The hero of the story is Barnaby Gaitlin. Barnaby had a very troubled adolescence that he is just now starting to shake off as he turns thirty. His family is close but dysfunctional and his role within it is "black sheep," which doesn’t do much for his self-esteem. He has an ex-wife and a nine-year-old daughter who live in Philadelphia. (Barnaby lives in Baltimore.) He sees his daughter only on the last Saturday of the month, an uncomfortable arrangement. His life is primarily defined by his job, one of irregular manual labor. He works for Rent-a-Back, hired by the hour by the elderly or disabled for various odd jobs. Barnaby is particularly good at this because he is patient and kind-hearted; he forms affectionate bonds with the clients.

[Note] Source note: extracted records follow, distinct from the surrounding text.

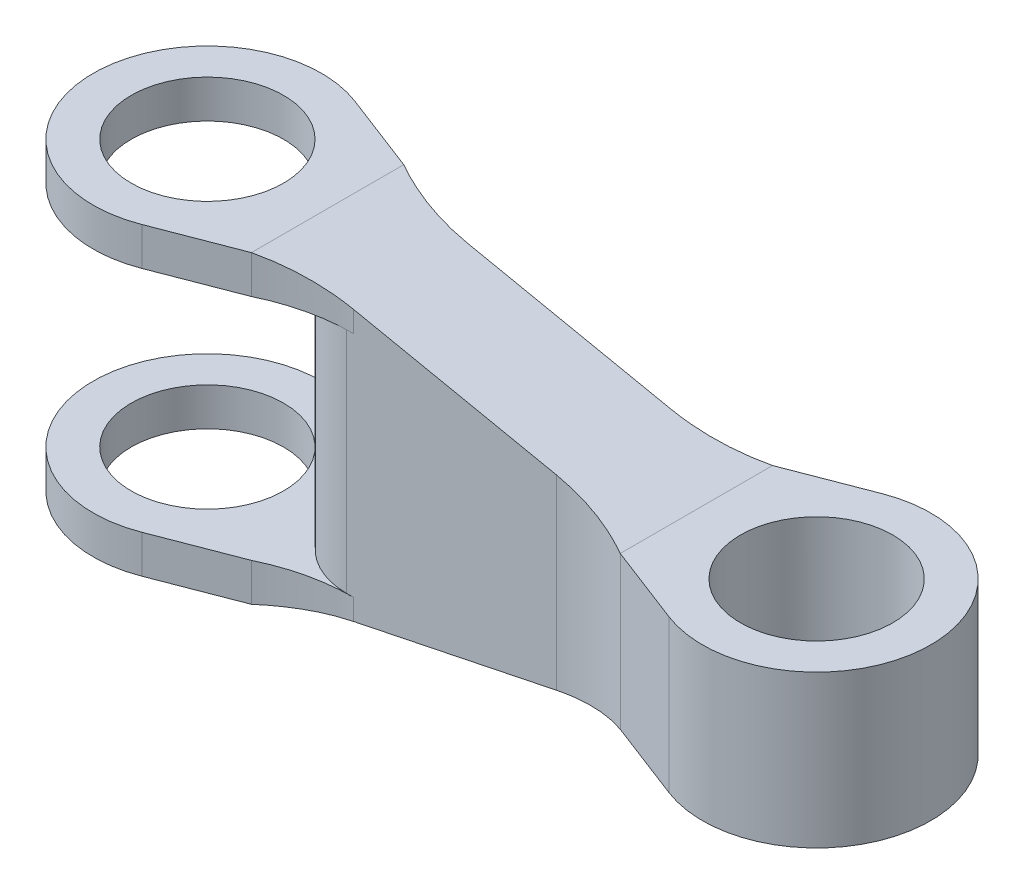
ISO-10303-21;
HEADER;
FILE_DESCRIPTION(('STEP AP214'),'2;1');
FILE_NAME('part.step','',(''),(''),'','','');
FILE_SCHEMA(('AUTOMOTIVE_DESIGN { 1 0 10303 214 1 1 1 1 }'));
ENDSEC;
DATA;
#1=APPLICATION_CONTEXT('core data for automotive mechanical design processes');
#2=APPLICATION_PROTOCOL_DEFINITION('international standard','automotive_design',2000,#1);
#3=PRODUCT_CONTEXT('',#1,'mechanical');
#4=PRODUCT('Part','Part','',(#3));
#5=PRODUCT_RELATED_PRODUCT_CATEGORY('part','',(#4));
#6=PRODUCT_DEFINITION_FORMATION('','',#4);
#7=PRODUCT_DEFINITION_CONTEXT('part definition',#1,'design');
#8=PRODUCT_DEFINITION('design','',#6,#7);
#9=PRODUCT_DEFINITION_SHAPE('','',#8);
#10=(LENGTH_UNIT() NAMED_UNIT(*) SI_UNIT(.MILLI.,.METRE.));
#11=(NAMED_UNIT(*) PLANE_ANGLE_UNIT() SI_UNIT($,.RADIAN.));
#12=(NAMED_UNIT(*) SI_UNIT($,.STERADIAN.) SOLID_ANGLE_UNIT());
#13=UNCERTAINTY_MEASURE_WITH_UNIT(LENGTH_MEASURE(1.E-05),#10,'distance_accuracy_value','');
#14=(GEOMETRIC_REPRESENTATION_CONTEXT(3) GLOBAL_UNCERTAINTY_ASSIGNED_CONTEXT((#13)) GLOBAL_UNIT_ASSIGNED_CONTEXT((#10,
#11,#12)) REPRESENTATION_CONTEXT('',''));
#15=CARTESIAN_POINT('',(0.,0.,0.));
#16=DIRECTION('',(0.,0.,1.));
#17=DIRECTION('',(1.,0.,0.));
#18=AXIS2_PLACEMENT_3D('',#15,#16,#17);
#19=CARTESIAN_POINT('',(0.,10.16,0.));
#20=DIRECTION('',(0.,-1.,0.));
#21=DIRECTION('',(0.,0.,-1.));
#22=AXIS2_PLACEMENT_3D('',#19,#20,#21);
#23=CYLINDRICAL_SURFACE('',#22,7.62);
#24=CARTESIAN_POINT('',(0.,-7.62,0.));
#25=DIRECTION('',(0.,-1.,0.));
#26=DIRECTION('',(0.,0.,-1.));
#27=AXIS2_PLACEMENT_3D('',#24,#25,#26);
#28=CIRCLE('',#27,7.62);
#29=CARTESIAN_POINT('',(2.73566372202433,-7.62,7.112));
#30=VERTEX_POINT('',#29);
#31=CARTESIAN_POINT('',(2.73566372202433,-7.62,-7.112));
#32=VERTEX_POINT('',#31);
#33=EDGE_CURVE('E327',#30,#32,#28,.T.);
#34=ORIENTED_EDGE('',*,*,#33,.T.);
#35=DIRECTION('',(0.,-1.,0.));
#36=VECTOR('',#35,1.);
#37=CARTESIAN_POINT('',(2.73566372202433,10.16,-7.112));
#38=LINE('',#37,#36);
#39=CARTESIAN_POINT('',(2.73566372202433,-10.16,-7.112));
#40=VERTEX_POINT('',#39);
#41=EDGE_CURVE('E370',#32,#40,#38,.T.);
#42=ORIENTED_EDGE('',*,*,#41,.T.);
#43=CARTESIAN_POINT('',(0.,-10.16,0.));
#44=DIRECTION('',(0.,1.,0.));
#45=DIRECTION('',(0.,0.,1.));
#46=AXIS2_PLACEMENT_3D('',#43,#44,#45);
#47=CIRCLE('',#46,7.62);
#48=CARTESIAN_POINT('',(2.73566372202433,-10.16,7.112));
#49=VERTEX_POINT('',#48);
#50=EDGE_CURVE('E358',#40,#49,#47,.T.);
#51=ORIENTED_EDGE('',*,*,#50,.T.);
#52=DIRECTION('',(0.,-1.,0.));
#53=VECTOR('',#52,1.);
#54=CARTESIAN_POINT('',(2.73566372202433,10.16,7.112));
#55=LINE('',#54,#53);
#56=EDGE_CURVE('E219',#30,#49,#55,.T.);
#57=ORIENTED_EDGE('',*,*,#56,.F.);
#58=EDGE_LOOP('',(#34,#42,#51,#57));
#59=FACE_BOUND('',#58,.T.);
#60=ADVANCED_FACE('F35',(#59),#23,.T.);
#61=CARTESIAN_POINT('',(2.73566372202433,10.16,7.112));
#62=DIRECTION('',(-0.359010987142301,0.,-0.933333333333333));
#63=DIRECTION('',(-0.933333333333333,0.,0.359010987142301));
#64=AXIS2_PLACEMENT_3D('',#61,#62,#63);
#65=PLANE('',#64);
#66=CARTESIAN_POINT('',(2.73566372202433,10.16,7.112));
#67=VERTEX_POINT('',#66);
#68=CARTESIAN_POINT('',(2.73566372202433,7.62,7.112));
#69=VERTEX_POINT('',#68);
#70=EDGE_CURVE('E220',#67,#69,#55,.T.);
#71=ORIENTED_EDGE('',*,*,#70,.T.);
#72=DIRECTION('',(0.933333333333333,0.,-0.359010987142301));
#73=VECTOR('',#72,1.);
#74=CARTESIAN_POINT('',(2.73566372202433,7.62,7.112));
#75=LINE('',#74,#73);
#76=CARTESIAN_POINT('',(8.01832470248509,7.62,5.08));
#77=VERTEX_POINT('',#76);
#78=EDGE_CURVE('E336',#69,#77,#75,.T.);
#79=ORIENTED_EDGE('',*,*,#78,.T.);
#80=DIRECTION('',(0.,-1.,0.));
#81=VECTOR('',#80,1.);
#82=CARTESIAN_POINT('',(8.01832470248509,10.16,5.08));
#83=LINE('',#82,#81);
#84=CARTESIAN_POINT('',(8.01832470248509,10.16,5.08));
#85=VERTEX_POINT('',#84);
#86=EDGE_CURVE('E216',#85,#77,#83,.T.);
#87=ORIENTED_EDGE('',*,*,#86,.F.);
#88=DIRECTION('',(0.933333333333333,0.,-0.359010987142301));
#89=VECTOR('',#88,1.);
#90=CARTESIAN_POINT('',(2.73566372202433,10.16,7.112));
#91=LINE('',#90,#89);
#92=EDGE_CURVE('E364',#67,#85,#91,.T.);
#93=ORIENTED_EDGE('',*,*,#92,.F.);
#94=EDGE_LOOP('',(#71,#79,#87,#93));
#95=FACE_BOUND('',#94,.T.);
#96=ADVANCED_FACE('F439',(#95),#65,.F.);
#97=CARTESIAN_POINT('',(2.73566372202433,10.16,-7.112));
#98=DIRECTION('',(-0.359010987142301,0.,0.933333333333333));
#99=DIRECTION('',(0.933333333333333,0.,0.359010987142301));
#100=AXIS2_PLACEMENT_3D('',#97,#98,#99);
#101=PLANE('',#100);
#102=DIRECTION('',(0.,-1.,0.));
#103=VECTOR('',#102,1.);
#104=CARTESIAN_POINT('',(8.01832470248509,10.16,-5.08));
#105=LINE('',#104,#103);
#106=CARTESIAN_POINT('',(8.01832470248509,10.16,-5.08));
#107=VERTEX_POINT('',#106);
#108=CARTESIAN_POINT('',(8.01832470248509,7.62,-5.08));
#109=VERTEX_POINT('',#108);
#110=EDGE_CURVE('E209',#107,#109,#105,.T.);
#111=ORIENTED_EDGE('',*,*,#110,.T.);
#112=DIRECTION('',(-0.933333333333333,0.,-0.359010987142301));
#113=VECTOR('',#112,1.);
#114=CARTESIAN_POINT('',(2.73566372202433,7.62,-7.112));
#115=LINE('',#114,#113);
#116=CARTESIAN_POINT('',(2.73566372202433,7.62,-7.112));
#117=VERTEX_POINT('',#116);
#118=EDGE_CURVE('E236',#109,#117,#115,.T.);
#119=ORIENTED_EDGE('',*,*,#118,.T.);
#120=CARTESIAN_POINT('',(2.73566372202433,10.16,-7.112));
#121=VERTEX_POINT('',#120);
#122=EDGE_CURVE('E378',#121,#117,#38,.T.);
#123=ORIENTED_EDGE('',*,*,#122,.F.);
#124=DIRECTION('',(-0.933333333333333,0.,-0.359010987142301));
#125=VECTOR('',#124,1.);
#126=CARTESIAN_POINT('',(2.73566372202433,10.16,-7.112));
#127=LINE('',#126,#125);
#128=EDGE_CURVE('E368',#107,#121,#127,.T.);
#129=ORIENTED_EDGE('',*,*,#128,.F.);
#130=EDGE_LOOP('',(#111,#119,#123,#129));
#131=FACE_BOUND('',#130,.T.);
#132=ADVANCED_FACE('F451',(#131),#101,.F.);
#133=CARTESIAN_POINT('',(0.,10.16,0.));
#134=DIRECTION('',(0.,-1.,0.));
#135=DIRECTION('',(0.,0.,-1.));
#136=AXIS2_PLACEMENT_3D('',#133,#134,#135);
#137=CYLINDRICAL_SURFACE('',#136,5.08);
#138=CARTESIAN_POINT('',(0.,7.62,0.));
#139=DIRECTION('',(0.,1.,0.));
#140=DIRECTION('',(0.,0.,1.));
#141=AXIS2_PLACEMENT_3D('',#138,#139,#140);
#142=CIRCLE('',#141,5.08);
#143=CARTESIAN_POINT('',(0.,7.62,5.08));
#144=VERTEX_POINT('',#143);
#145=EDGE_CURVE('E233',#144,#144,#142,.T.);
#146=ORIENTED_EDGE('',*,*,#145,.F.);
#147=EDGE_LOOP('',(#146));
#148=FACE_BOUND('',#147,.T.);
#149=CARTESIAN_POINT('',(0.,10.16,0.));
#150=DIRECTION('',(0.,1.,0.));
#151=DIRECTION('',(0.,0.,1.));
#152=AXIS2_PLACEMENT_3D('',#149,#150,#151);
#153=CIRCLE('',#152,5.08);
#154=CARTESIAN_POINT('',(0.,10.16,5.08));
#155=VERTEX_POINT('',#154);
#156=EDGE_CURVE('E355',#155,#155,#153,.T.);
#157=ORIENTED_EDGE('',*,*,#156,.T.);
#158=EDGE_LOOP('',(#157));
#159=FACE_BOUND('',#158,.T.);
#160=ADVANCED_FACE('F453',(#148,#159),#137,.F.);
#161=CARTESIAN_POINT('',(0.,10.16,0.));
#162=DIRECTION('',(0.,1.,0.));
#163=DIRECTION('',(0.,0.,1.));
#164=AXIS2_PLACEMENT_3D('',#161,#162,#163);
#165=PLANE('',#164);
#166=DIRECTION('',(0.,0.,1.));
#167=VECTOR('',#166,1.);
#168=CARTESIAN_POINT('',(8.01832470248509,10.16,-7.62));
#169=LINE('',#168,#167);
#170=EDGE_CURVE('E339',#107,#85,#169,.T.);
#171=ORIENTED_EDGE('',*,*,#170,.F.);
#172=ORIENTED_EDGE('',*,*,#128,.T.);
#173=CARTESIAN_POINT('',(0.,10.16,0.));
#174=DIRECTION('',(0.,1.,0.));
#175=DIRECTION('',(0.,0.,1.));
#176=AXIS2_PLACEMENT_3D('',#173,#174,#175);
#177=CIRCLE('',#176,7.62);
#178=EDGE_CURVE('E361',#121,#67,#177,.T.);
#179=ORIENTED_EDGE('',*,*,#178,.T.);
#180=ORIENTED_EDGE('',*,*,#92,.T.);
#181=EDGE_LOOP('',(#171,#172,#179,#180));
#182=FACE_BOUND('',#181,.T.);
#183=ORIENTED_EDGE('',*,*,#156,.F.);
#184=EDGE_LOOP('',(#183));
#185=FACE_BOUND('',#184,.T.);
#186=ADVANCED_FACE('F444',(#182,#185),#165,.T.);
#187=CARTESIAN_POINT('',(0.,-10.16,0.));
#188=DIRECTION('',(0.,1.,0.));
#189=DIRECTION('',(0.,0.,1.));
#190=AXIS2_PLACEMENT_3D('',#187,#188,#189);
#191=PLANE('',#190);
#192=CARTESIAN_POINT('',(0.,-10.16,0.));
#193=DIRECTION('',(0.,1.,0.));
#194=DIRECTION('',(0.,0.,1.));
#195=AXIS2_PLACEMENT_3D('',#192,#193,#194);
#196=CIRCLE('',#195,5.08);
#197=CARTESIAN_POINT('',(0.,-10.16,5.08));
#198=VERTEX_POINT('',#197);
#199=EDGE_CURVE('E354',#198,#198,#196,.T.);
#200=ORIENTED_EDGE('',*,*,#199,.T.);
#201=EDGE_LOOP('',(#200));
#202=FACE_BOUND('',#201,.T.);
#203=DIRECTION('',(-0.933333333333333,0.,-0.359010987142301));
#204=VECTOR('',#203,1.);
#205=CARTESIAN_POINT('',(2.73566372202433,-10.16,-7.112));
#206=LINE('',#205,#204);
#207=CARTESIAN_POINT('',(8.01832470248509,-10.16,-5.08));
#208=VERTEX_POINT('',#207);
#209=EDGE_CURVE('E365',#208,#40,#206,.T.);
#210=ORIENTED_EDGE('',*,*,#209,.F.);
#211=DIRECTION('',(0.,0.,1.));
#212=VECTOR('',#211,1.);
#213=CARTESIAN_POINT('',(8.01832470248509,-10.16,-7.62));
#214=LINE('',#213,#212);
#215=CARTESIAN_POINT('',(8.01832470248509,-10.16,5.08));
#216=VERTEX_POINT('',#215);
#217=EDGE_CURVE('E240',#208,#216,#214,.T.);
#218=ORIENTED_EDGE('',*,*,#217,.T.);
#219=DIRECTION('',(0.933333333333333,0.,-0.359010987142301));
#220=VECTOR('',#219,1.);
#221=CARTESIAN_POINT('',(2.73566372202433,-10.16,7.112));
#222=LINE('',#221,#220);
#223=EDGE_CURVE('E373',#49,#216,#222,.T.);
#224=ORIENTED_EDGE('',*,*,#223,.F.);
#225=ORIENTED_EDGE('',*,*,#50,.F.);
#226=EDGE_LOOP('',(#210,#218,#224,#225));
#227=FACE_BOUND('',#226,.T.);
#228=ADVANCED_FACE('F396',(#202,#227),#191,.F.);
#229=ORIENTED_EDGE('',*,*,#122,.T.);
#230=CARTESIAN_POINT('',(0.,7.62,0.));
#231=DIRECTION('',(0.,1.,0.));
#232=DIRECTION('',(0.,0.,1.));
#233=AXIS2_PLACEMENT_3D('',#230,#231,#232);
#234=CIRCLE('',#233,7.62);
#235=EDGE_CURVE('E333',#117,#69,#234,.T.);
#236=ORIENTED_EDGE('',*,*,#235,.T.);
#237=ORIENTED_EDGE('',*,*,#70,.F.);
#238=ORIENTED_EDGE('',*,*,#178,.F.);
#239=EDGE_LOOP('',(#229,#236,#237,#238));
#240=FACE_BOUND('',#239,.T.);
#241=ADVANCED_FACE('F449',(#240),#23,.T.);
#242=CARTESIAN_POINT('',(8.01832470248509,-7.62,5.08));
#243=VERTEX_POINT('',#242);
#244=EDGE_CURVE('E215',#243,#216,#83,.T.);
#245=ORIENTED_EDGE('',*,*,#244,.F.);
#246=DIRECTION('',(-0.933333333333333,0.,0.359010987142301));
#247=VECTOR('',#246,1.);
#248=CARTESIAN_POINT('',(2.73566372202433,-7.62,7.112));
#249=LINE('',#248,#247);
#250=EDGE_CURVE('E237',#243,#30,#249,.T.);
#251=ORIENTED_EDGE('',*,*,#250,.T.);
#252=ORIENTED_EDGE('',*,*,#56,.T.);
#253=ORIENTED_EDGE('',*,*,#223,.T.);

Despite the fact that Barnaby is good at what he does and performs a valuable service for many people, he is underappreciated by his family. Ironically, his family are "The Gaitlins" of the Gaitlin Foundation. His father and brother sit on the board of a foundation for the indigent set up by a wealthy great-grandfather. They are credited with being "do-gooders" when in fact it is Barnaby who is doing good. Barnaby is criticized for his lifestyle and lack of money, the implication being that he is lazy and unambitious. In fact, he is very hard-working and conscientious. He simply values different things.

Barnaby’s life begins to change when he meets a woman who is practical, steady, slightly older than he is, and much more socially adept. She helps him to begin to mend some of his fences. He takes steps toward an adult relationship. He feels his life is moving forward at last.

But is it?

Tyler’s novels always are wonderful for their character explorations. Barnaby is typically quirky, as are the characters he deals with on a regular basis. Tyler explores issues of aging and dependence in a touching way that manages to be both sad and funny. The detailed vignettes of Barnaby’s daily life make him seem very real (as do his family and friends) even though (or perhaps because) they are all a little odd. And it is also very real that Barnaby’s problems are not wrapped up into a neat little package and solved at the end of the book. It has an abrupt and not entirely satisfying ending but a realistic one. The book is classic Anne Tyler and it reminds me why I find her books so readable. It’s all about the characters.